Casting is just the surface. Another element helping in Marvel’s success on the silver screen is the types of stories told. The Marvel movies aren’t just superhero films. They’ve been another genre with superheroes added. Iron Man was a techno-thriller with superheroes. Captain America: The First Avenger was a war movie with superheroes. It’s sequel, Captain America and the Winter Soldier was a political thriller with superheroes. Guardians of the Galaxy was a space opera with superheroes. Ant Man was a heist movie with superheroes. The stories are wide ranging. Only the Avengers titled films – The Avengers, Avengers: Age of Ultron, Avengers: Infinity War, and Avengers: Endgame – are pure superhero films. They are also the major crossovers, where all the characters appear onscreen together. This isn’t quite a parallel to the comics where crossovers affect every title and Iron Man can appear in his own title, Avengers, and guest star in a Spider-Man title all in the same month. It is close enough, but the crossover is self-contained except for some plot points being set up in the movies leading up to the instalment.
The mix of genres lets each Marvel movie look and feel different, even if the same beats are being used. Captain America had a different tone compared to Ant Man. If someone doesn’t like the genre of film, there’s still the draw of superheroes, or the choice of skipping in favour of a preferred genre. The additional genres gives audiences something else to look forward to, and be able to follow the plot even when the superheroics go off the beaten path.
This mix carries over to the Disney+ series. Wandavision uses classic sitcoms to tell its story. Hawkeye is essentially a Hallmark Christmas special with superheroes. The current series, Moon Knight begins as a horror series. There’s more to the series than superheroic battles; the fights are icing to a multi-layered cake.

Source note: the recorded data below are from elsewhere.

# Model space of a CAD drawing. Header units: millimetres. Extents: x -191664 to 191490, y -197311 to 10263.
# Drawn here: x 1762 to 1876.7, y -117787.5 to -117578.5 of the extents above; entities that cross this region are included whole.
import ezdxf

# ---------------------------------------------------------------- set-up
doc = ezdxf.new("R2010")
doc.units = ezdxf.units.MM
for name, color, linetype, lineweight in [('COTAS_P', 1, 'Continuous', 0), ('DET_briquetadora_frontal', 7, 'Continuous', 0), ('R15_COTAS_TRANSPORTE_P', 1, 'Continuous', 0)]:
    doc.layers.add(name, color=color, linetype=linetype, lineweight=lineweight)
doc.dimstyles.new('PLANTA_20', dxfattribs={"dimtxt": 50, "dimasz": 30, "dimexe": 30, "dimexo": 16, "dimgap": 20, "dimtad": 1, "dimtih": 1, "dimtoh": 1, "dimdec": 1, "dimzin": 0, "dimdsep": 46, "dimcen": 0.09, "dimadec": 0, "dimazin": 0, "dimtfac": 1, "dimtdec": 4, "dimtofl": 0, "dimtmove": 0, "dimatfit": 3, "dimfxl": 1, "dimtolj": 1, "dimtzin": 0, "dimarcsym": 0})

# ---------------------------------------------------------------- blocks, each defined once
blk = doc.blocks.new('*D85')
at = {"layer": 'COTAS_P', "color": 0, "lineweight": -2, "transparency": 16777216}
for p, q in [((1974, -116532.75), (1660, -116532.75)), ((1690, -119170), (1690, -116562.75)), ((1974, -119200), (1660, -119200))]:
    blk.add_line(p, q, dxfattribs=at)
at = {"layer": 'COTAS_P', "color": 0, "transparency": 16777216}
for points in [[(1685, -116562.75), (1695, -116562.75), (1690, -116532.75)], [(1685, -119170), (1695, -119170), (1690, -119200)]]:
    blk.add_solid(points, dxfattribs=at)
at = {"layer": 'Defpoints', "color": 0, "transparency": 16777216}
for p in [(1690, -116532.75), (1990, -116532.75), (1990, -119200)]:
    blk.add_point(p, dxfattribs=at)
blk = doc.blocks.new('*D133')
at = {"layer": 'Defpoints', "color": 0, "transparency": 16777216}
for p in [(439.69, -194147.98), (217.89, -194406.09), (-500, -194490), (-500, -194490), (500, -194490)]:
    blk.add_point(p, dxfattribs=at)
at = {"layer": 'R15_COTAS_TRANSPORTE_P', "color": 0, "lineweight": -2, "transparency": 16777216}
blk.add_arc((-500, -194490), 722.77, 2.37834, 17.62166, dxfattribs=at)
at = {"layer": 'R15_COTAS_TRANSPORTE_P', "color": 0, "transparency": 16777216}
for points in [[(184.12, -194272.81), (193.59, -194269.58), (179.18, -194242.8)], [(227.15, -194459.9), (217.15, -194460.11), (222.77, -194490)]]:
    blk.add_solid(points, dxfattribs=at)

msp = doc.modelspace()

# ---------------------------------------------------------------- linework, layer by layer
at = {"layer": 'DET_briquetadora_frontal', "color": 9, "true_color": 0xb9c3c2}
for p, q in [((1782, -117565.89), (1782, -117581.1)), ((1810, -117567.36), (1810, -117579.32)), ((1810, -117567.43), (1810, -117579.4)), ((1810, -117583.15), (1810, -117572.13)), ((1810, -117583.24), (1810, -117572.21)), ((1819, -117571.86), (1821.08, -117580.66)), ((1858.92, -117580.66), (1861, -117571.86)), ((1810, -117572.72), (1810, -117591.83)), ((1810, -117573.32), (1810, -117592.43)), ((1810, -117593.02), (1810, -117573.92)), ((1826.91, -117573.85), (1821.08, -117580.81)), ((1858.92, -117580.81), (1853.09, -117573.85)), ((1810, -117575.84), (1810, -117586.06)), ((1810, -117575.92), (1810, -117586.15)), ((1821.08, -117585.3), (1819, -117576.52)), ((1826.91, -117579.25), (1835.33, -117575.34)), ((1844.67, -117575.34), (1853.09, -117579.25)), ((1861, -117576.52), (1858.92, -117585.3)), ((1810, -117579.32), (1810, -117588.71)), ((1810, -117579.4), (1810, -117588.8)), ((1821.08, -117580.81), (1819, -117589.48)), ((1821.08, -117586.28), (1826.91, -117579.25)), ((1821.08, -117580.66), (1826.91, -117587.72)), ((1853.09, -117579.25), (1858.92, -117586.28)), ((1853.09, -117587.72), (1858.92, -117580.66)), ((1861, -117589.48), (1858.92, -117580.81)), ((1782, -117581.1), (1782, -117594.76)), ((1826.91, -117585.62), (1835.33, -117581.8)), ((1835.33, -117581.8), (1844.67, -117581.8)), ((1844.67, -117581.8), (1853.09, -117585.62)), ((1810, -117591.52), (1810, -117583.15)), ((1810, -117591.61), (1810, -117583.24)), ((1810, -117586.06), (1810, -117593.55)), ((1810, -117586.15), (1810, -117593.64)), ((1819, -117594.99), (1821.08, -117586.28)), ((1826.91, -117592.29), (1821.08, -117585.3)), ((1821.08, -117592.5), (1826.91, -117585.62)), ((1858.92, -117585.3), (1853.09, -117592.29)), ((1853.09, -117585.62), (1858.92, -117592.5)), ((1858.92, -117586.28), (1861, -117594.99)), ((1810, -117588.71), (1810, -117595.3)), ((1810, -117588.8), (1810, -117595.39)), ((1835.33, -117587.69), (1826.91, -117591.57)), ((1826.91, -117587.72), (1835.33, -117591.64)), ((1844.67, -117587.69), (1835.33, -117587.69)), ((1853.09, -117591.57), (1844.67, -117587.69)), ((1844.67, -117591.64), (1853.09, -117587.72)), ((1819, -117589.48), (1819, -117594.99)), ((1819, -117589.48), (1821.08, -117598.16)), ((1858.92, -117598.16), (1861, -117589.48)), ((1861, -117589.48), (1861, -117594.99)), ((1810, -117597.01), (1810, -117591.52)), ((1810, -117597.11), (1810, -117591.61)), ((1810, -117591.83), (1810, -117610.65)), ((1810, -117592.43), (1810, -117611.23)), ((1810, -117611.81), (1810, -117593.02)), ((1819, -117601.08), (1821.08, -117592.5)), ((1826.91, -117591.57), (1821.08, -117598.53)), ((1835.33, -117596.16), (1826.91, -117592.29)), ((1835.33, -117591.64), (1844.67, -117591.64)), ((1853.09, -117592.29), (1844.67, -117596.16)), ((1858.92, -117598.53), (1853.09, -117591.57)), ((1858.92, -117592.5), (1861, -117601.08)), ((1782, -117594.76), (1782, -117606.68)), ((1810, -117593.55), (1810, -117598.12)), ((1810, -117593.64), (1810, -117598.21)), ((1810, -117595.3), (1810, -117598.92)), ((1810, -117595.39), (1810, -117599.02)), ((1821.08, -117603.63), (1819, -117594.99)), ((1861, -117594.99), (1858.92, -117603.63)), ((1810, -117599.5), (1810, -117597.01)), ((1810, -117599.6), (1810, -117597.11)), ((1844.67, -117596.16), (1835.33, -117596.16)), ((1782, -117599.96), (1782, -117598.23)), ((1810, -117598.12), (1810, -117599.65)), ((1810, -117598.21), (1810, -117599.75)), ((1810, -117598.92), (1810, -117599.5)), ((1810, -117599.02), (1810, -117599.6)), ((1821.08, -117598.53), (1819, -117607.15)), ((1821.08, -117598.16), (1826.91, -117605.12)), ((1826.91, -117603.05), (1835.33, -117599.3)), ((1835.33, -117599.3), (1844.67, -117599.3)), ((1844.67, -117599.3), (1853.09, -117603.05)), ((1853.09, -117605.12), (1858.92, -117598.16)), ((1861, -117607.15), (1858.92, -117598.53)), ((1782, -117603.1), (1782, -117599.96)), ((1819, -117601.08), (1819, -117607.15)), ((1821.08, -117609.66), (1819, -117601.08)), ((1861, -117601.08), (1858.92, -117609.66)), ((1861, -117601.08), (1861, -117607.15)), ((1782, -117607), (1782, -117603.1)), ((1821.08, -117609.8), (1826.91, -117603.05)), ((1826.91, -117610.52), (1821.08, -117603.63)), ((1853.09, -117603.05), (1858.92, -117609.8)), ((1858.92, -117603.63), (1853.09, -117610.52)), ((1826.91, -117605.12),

The use of B-listers is another facet of Marvel’s success. As mentioned above, with the exception of the Hulk and Captain America, Marvel Studio’s success has come despite the use of lesser known characters. However, since they are lesser known, that gives the cast, crew, writers, and directors a free hand to explore the characters and the setting and put a new twist in without worrying about canon. Moon Knight is the ultimate blank slate here; the character has had a number of different origins that at times conflicted that the TV series can pick and choose details and not worry about getting anything wrong.
The Marvel Cinematic Universe has been dominating the box office since the release of Iron Man. The secret to Marvel’s success is to have interesting, flawed characters in well written works where the story melds another genre with superheroics. While there are rumblings that the general public is getting tired of superheroics, audiences still go out to watch Marvel’s cinematic works, in part because the films aren’t just about superheroes being superheroes.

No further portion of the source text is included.